See x86.lol for blog posts about this setup:

  1. Immutable Systems: NixOS + systemd-repart + systemd-sysupdate
  2. Immutable Systems: Cross-Compiling for RISC-V using Flakes

For a more recent implementation exploring the same problem space, also check out the this NixOS appliance images demo by Applicative Systems.

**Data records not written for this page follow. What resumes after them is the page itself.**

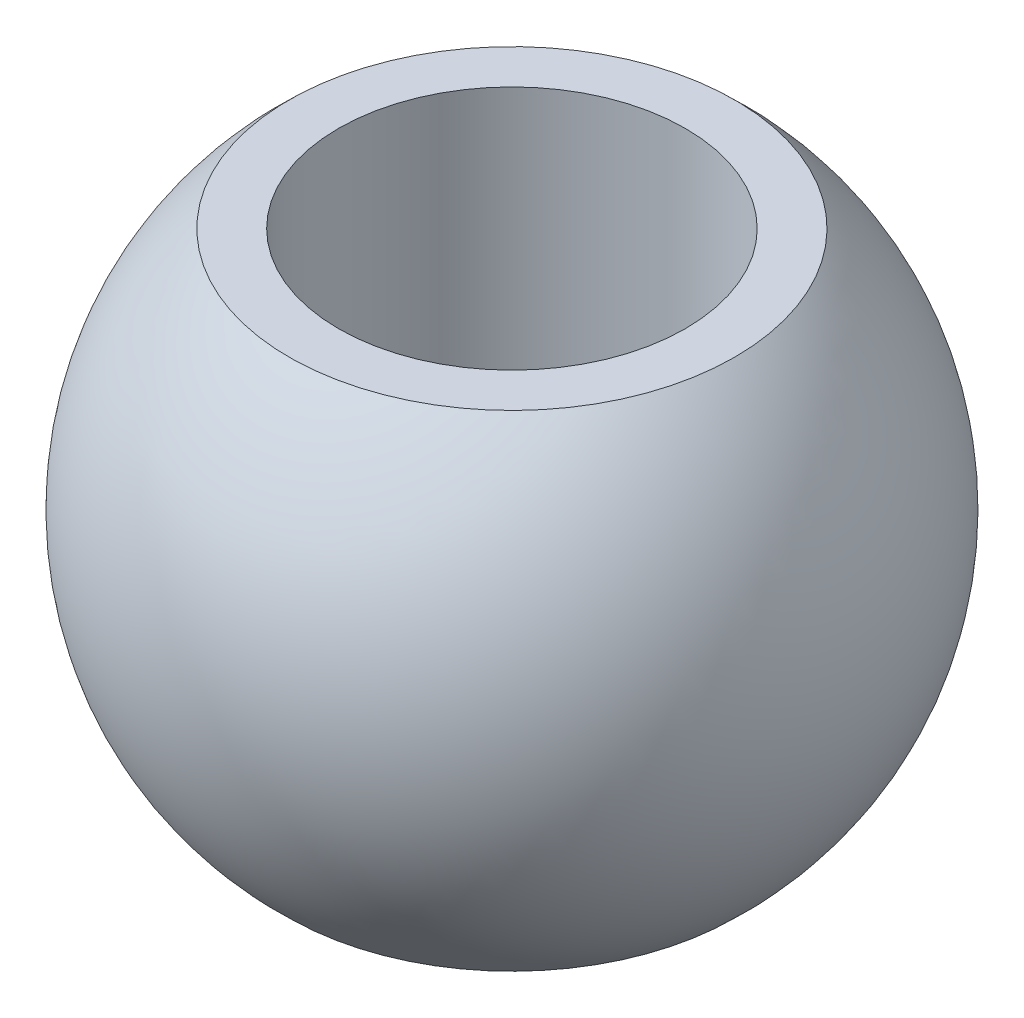
SolidWorks part; units mm, degrees
ref_plane "Ön Düzlem" through (0, 0, 0) normal (0, 0, 1) x (1, 0, 0)
ref_plane "Üst Düzlem" through (0, 0, 0) normal (0, 1, 0) x (1, 0, 0)
ref_plane "Sağ Düzlem" through (0, 0, 0) normal (1, 0, 0) x (0, 0, -1)
ref_plane "Plane1" through (0, 0, 0) normal (0, 0, -1) x (-1, 0, 0)
sketch "Sketch1" plane through (0, 0, 0) normal (0, 0, -1) x (-1, 0, 0)
  line L0 (-6.4226, -7) -> (-5, -7)
  line L1 (-5, -7) -> (-5, 7)
  line L2 (-5, 7) -> (-6.4226, 7)
  line L3 (0, -7) -> (0, 7) construction
  arc A0 (-6.4226, 7) -> (-6.4226, -7) centre (0, 0) ccw
revolve "Revolve1" add sketch "Sketch1" angle 360 about L3

How to Build the System Image

You need Nix with enabled Flakes. After that, you can build the disk image:

$ nix build .

After the build process, there will be a QEMU disk image disk.qcow2 in result/.

Running the Demo

You can boot result/disk.qcow2 produced in the previous step in any virtualization solution that supports UEFI. For simplicity, you can enter a development shell and boot it with the convenience script qemu-efi:

# This will take some time, because it compiles quite a bunch of stuff for
# RISC-V and ARM AArch64.
$ nix develop

$ qemu-efi x86_64 result/disk.qcow2

Experimenting with the Demo

Once you have the demo running, you can see systemd-sysupdate and sysupdate-repart in action:

(I have removed parts of the console output for readability.)

# List the update files.
% ls -lh /var/updates/
total 324M
-r--r--r-- 1 root root  43M Aug 11 15:47 appliance_18.efi.xz
-r--r--r-- 1 root root 282M Aug 11 15:47 store_18.img.xz

# See that systemd-sysupdate has found an update.
% systemd-sysupdate
  VERSION INSTALLED AVAILABLE ASSESSMENT
↻ 18                    ✓     candidate
● 17          ✓               current

# Apply the update.
% systemd-sysupdate update
Selected update '18' for install.
Making room for 1 updates…
Removed no instances.
⤵️ Acquiring /var/updates/appliance_18.efi.xz → /boot/EFI/Linux/appliance_18.efi...
Importing '/var/updates/appliance_18.efi.xz', saving as '/boot/EFI/Linux/.#sysupdateappliance_18.efifce0abb2fdba79a5'.
[...]
Successfully acquired '/var/updates/appliance_18.efi.xz'.
⤵️ Acquiring /var/updates/store_18.img.xz → /proc/self/fd/3p2...
Importing '/var/updates/store_18.img.xz', saving at offset 269484032 in '/dev/sda'.
[...]
Successfully acquired '/var/updates/store_18.img.xz'.
Successfully installed '/var/updates/appliance_18.efi.xz' (regular-file) as '/boot/EFI/Linux/appliance_18.efi' (regular-file).
Successfully installed '/var/updates/store_18.img.xz' (regular-file) as '/proc/self/fd/3p2' (partition).
✨ Successfully installed update '18'.

# Reboot into the new version.
% reboot

Once the system is back up, you can remove the last version. This would also happen automatically when the next version is installed.

% systemd-sysupdate vacuum -m 1

Looking at the partition layout using parted before and after the update is also interesting!